Task goal
When you reach the line containing "#9269 = EDGE_CURVE" in the entries below, repeat it and each line after it exactly until the entries end.

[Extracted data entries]
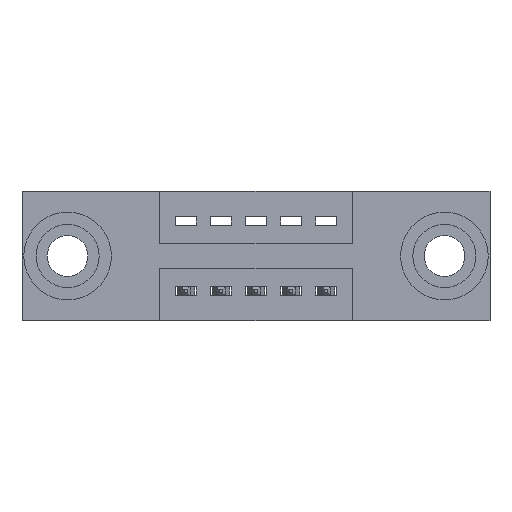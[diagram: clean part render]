
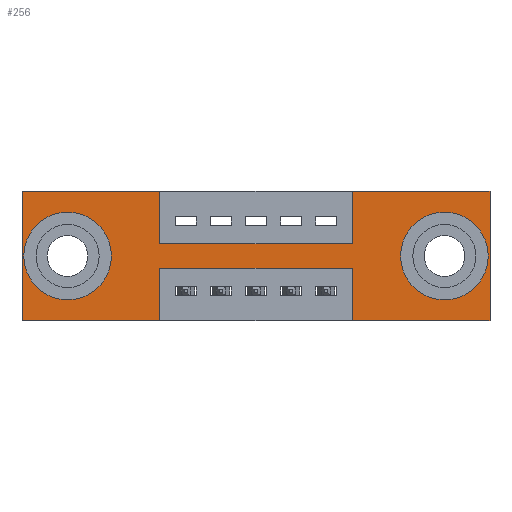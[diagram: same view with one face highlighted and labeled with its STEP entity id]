
A CAD part, front view. The second image highlights one B-rep face of the part: STEP entity #256.
In plain terms, the highlighted planar face has unit normal (0, -1, 0).
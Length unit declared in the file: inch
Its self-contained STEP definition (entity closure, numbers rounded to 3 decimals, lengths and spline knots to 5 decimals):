
#21 = AXIS2_PLACEMENT_3D ( 'NONE', #1298, #3480, #7883 ) ;
#22 = LINE ( 'NONE', #4248, #8867 ) ;
#86 = CARTESIAN_POINT ( 'NONE',  ( 0., 0., -0.37 ) ) ;
#221 = DIRECTION ( 'NONE',  ( 1., 0., 0. ) ) ;
#249 = VERTEX_POINT ( 'NONE', #3853 ) ;
#256 = ADVANCED_FACE ( 'NONE', ( #610, #3539, #4241 ), #1770, .T. ) ;
#276 = CIRCLE ( 'NONE', #21, 0.078 ) ;
#334 = LINE ( 'NONE', #892, #2037 ) ;
#420 = CARTESIAN_POINT ( 'NONE',  ( 0.9425, 0., -0.22 ) ) ;
#610 = FACE_BOUND ( 'NONE', #2366, .T. ) ;
#620 = LINE ( 'NONE', #7310, #8113 ) ;
#637 = VERTEX_POINT ( 'NONE', #9308 ) ;
#752 = DIRECTION ( 'NONE',  ( 0., 0., -1. ) ) ;
#854 = EDGE_CURVE ( 'NONE', #5467, #7852, #6982, .T. ) ;
#892 = CARTESIAN_POINT ( 'NONE',  ( 0., 0., 0. ) ) ;
#914 = EDGE_LOOP ( 'NONE', ( #5889, #8724 ) ) ;
#919 = LINE ( 'NONE', #1568, #4550 ) ;
#1011 = VERTEX_POINT ( 'NONE', #1970 ) ;
#1093 = CARTESIAN_POINT ( 'NONE',  ( 0.9425, 0., 0. ) ) ;
#1094 = CARTESIAN_POINT ( 'NONE',  ( 0.13, 0., -0.185 ) ) ;
#1109 = EDGE_CURVE ( 'NONE', #2982, #3484, #5342, .T. ) ;
#1253 = ORIENTED_EDGE ( 'NONE', *, *, #3303, .F. ) ;
#1298 = CARTESIAN_POINT ( 'NONE',  ( 0.13, 0., -0.185 ) ) ;
#1313 = ORIENTED_EDGE ( 'NONE', *, *, #2325, .F. ) ;
#1359 = DIRECTION ( 'NONE',  ( 0., 0., -1. ) ) ;
#1373 = EDGE_CURVE ( 'NONE', #7846, #2155, #919, .T. ) ;
#1528 = VERTEX_POINT ( 'NONE', #4663 ) ;
#1568 = CARTESIAN_POINT ( 'NONE',  ( 0.3925, 0., -0.22 ) ) ;
#1764 = LINE ( 'NONE', #4514, #2004 ) ;
#1770 = PLANE ( 'NONE',  #4981 ) ;
#1788 = AXIS2_PLACEMENT_3D ( 'NONE', #2059, #4295, #4322 ) ;
#1860 = EDGE_CURVE ( 'NONE', #2155, #5507, #22, .T. ) ;
#1941 = ORIENTED_EDGE ( 'NONE', *, *, #6988, .T. ) ;
#1970 = CARTESIAN_POINT ( 'NONE',  ( 1.335, 0., -0.37 ) ) ;
#2004 = VECTOR ( 'NONE', #4478, 39.37008 ) ;
#2037 = VECTOR ( 'NONE', #7381, 39.37008 ) ;
#2059 = CARTESIAN_POINT ( 'NONE',  ( 1.205, 0., -0.185 ) ) ;
#2097 = ORIENTED_EDGE ( 'NONE', *, *, #5769, .F. ) ;
#2123 = DIRECTION ( 'NONE',  ( -1., 0., 0. ) ) ;
#2155 = VERTEX_POINT ( 'NONE', #2203 ) ;
#2203 = CARTESIAN_POINT ( 'NONE',  ( 0.3925, 0., -0.22 ) ) ;
#2223 = DIRECTION ( 'NONE',  ( 1., 0., 0. ) ) ;
#2325 = EDGE_CURVE ( 'NONE', #7852, #7879, #3393, .T. ) ;
#2337 = CARTESIAN_POINT ( 'NONE',  ( 0., 0., -0.37 ) ) ;
#2366 = EDGE_LOOP ( 'NONE', ( #5372, #1941 ) ) ;
#2673 = VECTOR ( 'NONE', #2123, 39.37008 ) ;
#2718 = VECTOR ( 'NONE', #221, 39.37008 ) ;
#2982 = VERTEX_POINT ( 'NONE', #6267 ) ;
#3070 = VECTOR ( 'NONE', #3169, 39.37008 ) ;
#3169 = DIRECTION ( 'NONE',  ( 1., 0., 0. ) ) ;
#3171 = LINE ( 'NONE', #6833, #3070 ) ;
#3303 = EDGE_CURVE ( 'NONE', #1528, #637, #1764, .T. ) ;
#3370 = CARTESIAN_POINT ( 'NONE',  ( 0.3925, 0., -0.37 ) ) ;
#3380 = EDGE_CURVE ( 'NONE', #8420, #249, #4392, .T. ) ;
#3393 = LINE ( 'NONE', #4532, #2718 ) ;
#3459 = DIRECTION ( 'NONE',  ( -1., 0., 0. ) ) ;
#3480 = DIRECTION ( 'NONE',  ( 0., 1., 0. ) ) ;
#3484 = VERTEX_POINT ( 'NONE', #7577 ) ;
#3537 = CARTESIAN_POINT ( 'NONE',  ( 1.205, 0., -0.185 ) ) ;
#3539 = FACE_BOUND ( 'NONE', #914, .T. ) ;
#3646 = ORIENTED_EDGE ( 'NONE', *, *, #6390, .F. ) ;
#3790 = LINE ( 'NONE', #86, #2673 ) ;
#3791 = VERTEX_POINT ( 'NONE', #7625 ) ;
#3825 = DIRECTION ( 'NONE',  ( 0., 0., -1. ) ) ;
#3853 = CARTESIAN_POINT ( 'NONE',  ( 0.13, 0., -0.263 ) ) ;
#4166 = ORIENTED_EDGE ( 'NONE', *, *, #8071, .F. ) ;
#4241 = FACE_OUTER_BOUND ( 'NONE', #4474, .T. ) ;
#4248 = CARTESIAN_POINT ( 'NONE',  ( 0.3925, 0., -0.37 ) ) ;
#4295 = DIRECTION ( 'NONE',  ( 0., 1., 0. ) ) ;
#4322 = DIRECTION ( 'NONE',  ( 0., 0., -1. ) ) ;
#4377 = VECTOR ( 'NONE', #3459, 39.37008 ) ;
#4392 = CIRCLE ( 'NONE', #7518, 0.078 ) ;
#4474 = EDGE_LOOP ( 'NONE', ( #8828, #6908, #9259, #2097, #7212, #1313, #5404, #4166, #1253, #3646, #6200, #6611 ) ) ;
#4478 = DIRECTION ( 'NONE',  ( 0., 0., -1. ) ) ;
#4514 = CARTESIAN_POINT ( 'NONE',  ( 0.3925, 0., 0. ) ) ;
#4532 = CARTESIAN_POINT ( 'NONE',  ( 0., 0., 0. ) ) ;
#4550 = VECTOR ( 'NONE', #6819, 39.37008 ) ;
#4663 = CARTESIAN_POINT ( 'NONE',  ( 0.3925, 0., 0. ) ) ;
#4981 = AXIS2_PLACEMENT_3D ( 'NONE', #7604, #6887, #3825 ) ;
#5087 = CARTESIAN_POINT ( 'NONE',  ( 1.335, 0., 0. ) ) ;
#5228 = CARTESIAN_POINT ( 'NONE',  ( 0.9425, 0., -0.37 ) ) ;
#5262 = DIRECTION ( 'NONE',  ( 0., 0., 1. ) ) ;
#5342 = CIRCLE ( 'NONE', #1788, 0.078 ) ;
#5362 = CIRCLE ( 'NONE', #6607, 0.078 ) ;
#5372 = ORIENTED_EDGE ( 'NONE', *, *, #1109, .T. ) ;
#5381 = VERTEX_POINT ( 'NONE', #2337 ) ;
#5404 = ORIENTED_EDGE ( 'NONE', *, *, #854, .F. ) ;
#5467 = VERTEX_POINT ( 'NONE', #7445 ) ;
#5501 = VECTOR ( 'NONE', #752, 39.37008 ) ;
#5507 = VERTEX_POINT ( 'NONE', #3370 ) ;
#5714 = DIRECTION ( 'NONE',  ( 0., 1., 0. ) ) ;
#5738 = EDGE_CURVE ( 'NONE', #5507, #5381, #6337, .T. ) ;
#5769 = EDGE_CURVE ( 'NONE', #1011, #7156, #3790, .T. ) ;
#5796 = LINE ( 'NONE', #5228, #5917 ) ;
#5889 = ORIENTED_EDGE ( 'NONE', *, *, #3380, .T. ) ;
#5902 = CARTESIAN_POINT ( 'NONE',  ( 1.335, 0., 0. ) ) ;
#5917 = VECTOR ( 'NONE', #5262, 39.37008 ) ;
#6200 = ORIENTED_EDGE ( 'NONE', *, *, #9269, .F. ) ;
#6267 = CARTESIAN_POINT ( 'NONE',  ( 1.205, 0., -0.107 ) ) ;
#6337 = LINE ( 'NONE', #7839, #4377 ) ;
#6356 = EDGE_CURVE ( 'NONE', #249, #8420, #276, .T. ) ;
#6390 = EDGE_CURVE ( 'NONE', #3791, #1528, #620, .T. ) ;
#6408 = EDGE_CURVE ( 'NONE', #7879, #1011, #7431, .T. ) ;
#6607 = AXIS2_PLACEMENT_3D ( 'NONE', #3537, #5714, #1359 ) ;
#6611 = ORIENTED_EDGE ( 'NONE', *, *, #5738, .F. ) ;
#6744 = VECTOR ( 'NONE', #9112, 39.37008 ) ;
#6819 = DIRECTION ( 'NONE',  ( -1., 0., 0. ) ) ;
#6833 = CARTESIAN_POINT ( 'NONE',  ( 0.3925, 0., -0.15 ) ) ;
#6887 = DIRECTION ( 'NONE',  ( 0., -1., 0. ) ) ;
#6908 = ORIENTED_EDGE ( 'NONE', *, *, #1373, .F. ) ;
#6982 = LINE ( 'NONE', #1093, #6744 ) ;
#6988 = EDGE_CURVE ( 'NONE', #3484, #2982, #5362, .T. ) ;
#7156 = VERTEX_POINT ( 'NONE', #8448 ) ;
#7212 = ORIENTED_EDGE ( 'NONE', *, *, #6408, .F. ) ;
#7310 = CARTESIAN_POINT ( 'NONE',  ( 0., 0., 0. ) ) ;
#7381 = DIRECTION ( 'NONE',  ( 0., 0., 1. ) ) ;
#7431 = LINE ( 'NONE', #5087, #5501 ) ;
#7445 = CARTESIAN_POINT ( 'NONE',  ( 0.9425, 0., -0.15 ) ) ;
#7518 = AXIS2_PLACEMENT_3D ( 'NONE', #1094, #8378, #8339 ) ;
#7577 = CARTESIAN_POINT ( 'NONE',  ( 1.205, 0., -0.263 ) ) ;
#7604 = CARTESIAN_POINT ( 'NONE',  ( 0., 0., -0.37 ) ) ;
#7625 = CARTESIAN_POINT ( 'NONE',  ( 0., 0., 0. ) ) ;
#7628 = CARTESIAN_POINT ( 'NONE',  ( 0.9425, 0., 0. ) ) ;
#7839 = CARTESIAN_POINT ( 'NONE',  ( 0., 0., -0.37 ) ) ;
#7846 = VERTEX_POINT ( 'NONE', #420 ) ;
#7852 = VERTEX_POINT ( 'NONE', #7628 ) ;
#7879 = VERTEX_POINT ( 'NONE', #5902 ) ;
#7883 = DIRECTION ( 'NONE',  ( 0., 0., 1. ) ) ;
#8071 = EDGE_CURVE ( 'NONE', #637, #5467, #3171, .T. ) ;
#8113 = VECTOR ( 'NONE', #2223, 39.37008 ) ;
#8143 = CARTESIAN_POINT ( 'NONE',  ( 0.13, 0., -0.107 ) ) ;
#8339 = DIRECTION ( 'NONE',  ( 0., 0., 1. ) ) ;
#8378 = DIRECTION ( 'NONE',  ( 0., 1., 0. ) ) ;
#8420 = VERTEX_POINT ( 'NONE', #8143 ) ;
#8448 = CARTESIAN_POINT ( 'NONE',  ( 0.9425, 0., -0.37 ) ) ;
#8585 = DIRECTION ( 'NONE',  ( 0., 0., -1. ) ) ;
#8701 = EDGE_CURVE ( 'NONE', #7156, #7846, #5796, .T. ) ;
#8724 = ORIENTED_EDGE ( 'NONE', *, *, #6356, .T. ) ;
#8828 = ORIENTED_EDGE ( 'NONE', *, *, #1860, .F. ) ;
#8867 = VECTOR ( 'NONE', #8585, 39.37008 ) ;
#9112 = DIRECTION ( 'NONE',  ( 0., 0., 1. ) ) ;
#9259 = ORIENTED_EDGE ( 'NONE', *, *, #8701, .F. ) ;
#9269 = EDGE_CURVE ( 'NONE', #5381, #3791, #334, .T. ) ;
#9308 = CARTESIAN_POINT ( 'NONE',  ( 0.3925, 0., -0.15 ) ) ;

Response area
#9269 = EDGE_CURVE ( 'NONE', #5381, #3791, #334, .T. ) ;
#9308 = CARTESIAN_POINT ( 'NONE',  ( 0.3925, 0., -0.15 ) ) ;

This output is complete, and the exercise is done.